--- DATA TO USE ---

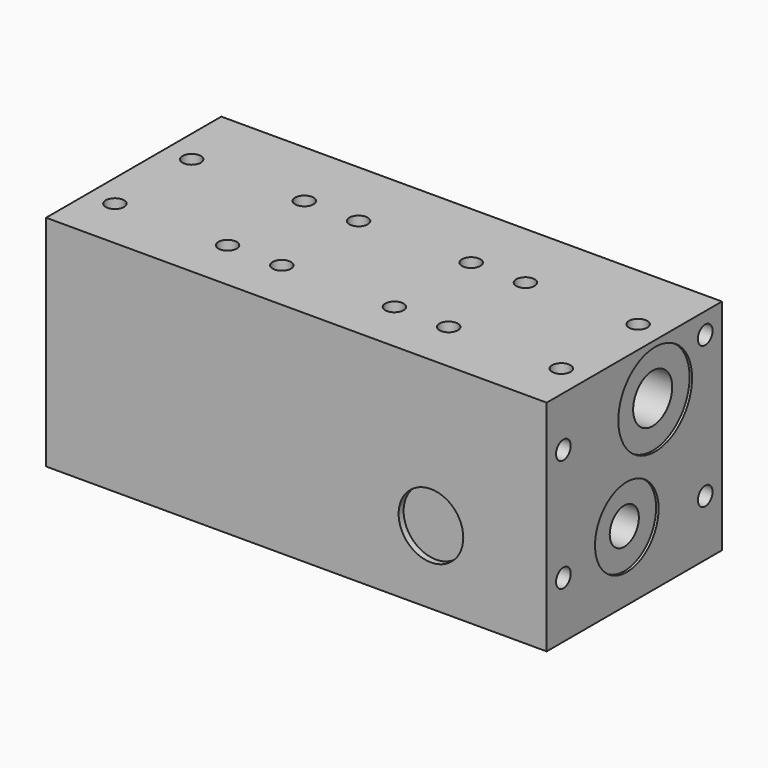
from build123d import *

# Parameters (mm, degrees)
F0_W      = 105
F0_H      = 105
F1_DEPTH  = 240
F3_D      = 8.8
F3_DEPTH  = 20
F3_TIP    = 2.6437867237
F4_D      = 17.4625
F5_D      = 23.41626
F2_R      = 19.05
F2_R_2    = 22.1
F6_DEPTH  = 1.2
F8_D      = 13.49248
F8_DEPTH  = 50
F8_TIP    = 4.0535499425
F7_R      = 14
F9_DEPTH  = 1.2
F11_D     = 8.8
F11_DEPTH = 20
F11_TIP   = 2.6437867237
F13_D     = 8.8
F13_DEPTH = 20
F13_TIP   = 2.6437867237
F14_R     = 15.5
F15_DEPTH = 3


# Not quite as in the source:
# - a feature names something its author has since deleted; it is built from what else it names


with BuildPart() as f1:
    # F0 (on Right) → F1 (new body)
    with BuildSketch(Plane.YZ):
        Rectangle(F0_W, F0_H)
    extrude(amount=F1_DEPTH)

    # F3
    with Locations(Plane.YZ.offset(240)):
        with Locations((-42.5, 28.5), (42.5, 42.5), (42.5, -25.5), (-42.5, -25.5)):
            Hole(F3_D / 2, depth=F3_DEPTH)
            with Locations((0, 0, -(F3_DEPTH + F3_TIP / 2))):  # 118° drill point
                Cone(0, F3_D / 2, F3_TIP, mode=Mode.SUBTRACT)

    # F4 (through all)
    with Locations(Plane.YZ.offset(240)):
        with Locations((-4.5, -19.5)):
            Hole(F4_D / 2)

    # F5 (through all)
    with Locations(Plane.YZ.offset(240)):
        with Locations((12.5, 27.5)):
            Hole(F5_D / 2)

    # F2 (on face) → F6 (cut)
    with BuildSketch(Plane.YZ.offset(240)):
        with Locations((-4.5, -19.5)):
            Circle(F2_R)
        with Locations((12.5, 27.5)):
            Circle(F2_R_2)
    extrude(amount=-F6_DEPTH, mode=Mode.SUBTRACT)

    # F8
    with Locations(Plane(origin=(0, 52.5, 0), x_dir=(-1, 0, 0), z_dir=(0, 1, 0))):
        with Locations((-200, 27.5), (-200, -32.5), (-120, -32.5), (-120, 27.5), (-40, 27.5), (-40, -32.5), (40, -32.5), (40, 27.5), (120, 27.5), (120, -32.5), (200, -32.5), (200, 27.5), (280, 27.5), (280, -32.5)):
            Hole(F8_D / 2, depth=F8_DEPTH)
            with Locations((0, 0, -(F8_DEPTH + F8_TIP / 2))):  # 118° drill point
                Cone(0, F8_D / 2, F8_TIP, mode=Mode.SUBTRACT)

    # F7 (on face) → F9 (cut)
    with BuildSketch(Plane(origin=(0, 52.5, 0), x_dir=(-1, 0, 0), z_dir=(0, 1, 0))):
        with Locations((-200, 27.5)):
            Circle(F7_R)
        with Locations((-200, -32.5)):
            Circle(F7_R)
        with Locations((-120, 27.5)):
            Circle(F7_R)
        with Locations((-120, -32.5)):
            Circle(F7_R)
        with Locations((-40, 27.5)):
            Circle(F7_R)
        with Locations((-40, -32.5)):
            Circle(F7_R)
        with Locations((40, 27.5)):
            Circle(F7_R)
        with Locations((40, -32.5)):
            Circle(F7_R)
        with Locations((120, 27.5)):
            Circle(F7_R)
        with Locations((120, -32.5)):
            Circle(F7_R)
        with Locations((200, 27.5)):
            Circle(F7_R)
        with Locations((200, -32.5)):
            Circle(F7_R)
        with Locations((280, 27.5)):
            Circle(F7_R)
        with Locations((280, -32.5)):
            Circle(F7_R)
    extrude(amount=-F9_DEPTH, mode=Mode.SUBTRACT)

    # F11
    with Locations(Plane.XY.offset(52.5)):
        with Locations((13, 18.5), (13, -27.5), (67, -27.5), (67, 18.5), (93, 18.5), (93, -27.5), (147, 18.5), (147, -27.5), (173, -27.5), (173, 18.5), (227, 18.5), (227, -27.5)):
            Hole(F11_D / 2, depth=F11_DEPTH)
            with Locations((0, 0, -(F11_DEPTH + F11_TIP / 2))):  # 118° drill point
                Cone(0, F11_D / 2, F11_TIP, mode=Mode.SUBTRACT)

    # F13
    with Locations(Plane(origin=(0, 0, -52.5), x_dir=(1, 0, 0), z_dir=(0, 0, -1))):
        with Locations((12, 40.5), (12, -40.5), (228, -40.5), (228, 40.5)):
            Hole(F13_D / 2, depth=F13_DEPTH)
            with Locations((0, 0, -(F13_DEPTH + F13_TIP / 2))):  # 118° drill point
                Cone(0, F13_D / 2, F13_TIP, mode=Mode.SUBTRACT)

    # F14 (on face) → F15 (cut)
    with BuildSketch(Plane.XZ.offset(52.5)):
        with Locations((184.5, -17.5)):
            Circle(F14_R)
    extrude(amount=-F15_DEPTH, mode=Mode.SUBTRACT)


solid = f1.part

---

## ABOUT THIS EXERCISE
If a line in the data above includes the string "Mode", copy it.

## EXERCISE RESPONSE
                Cone(0, F3_D / 2, F3_TIP, mode=Mode.SUBTRACT)
    extrude(amount=-F6_DEPTH, mode=Mode.SUBTRACT)
                Cone(0, F8_D / 2, F8_TIP, mode=Mode.SUBTRACT)
    extrude(amount=-F9_DEPTH, mode=Mode.SUBTRACT)
                Cone(0, F11_D / 2, F11_TIP, mode=Mode.SUBTRACT)
                Cone(0, F13_D / 2, F13_TIP, mode=Mode.SUBTRACT)
    extrude(amount=-F15_DEPTH, mode=Mode.SUBTRACT)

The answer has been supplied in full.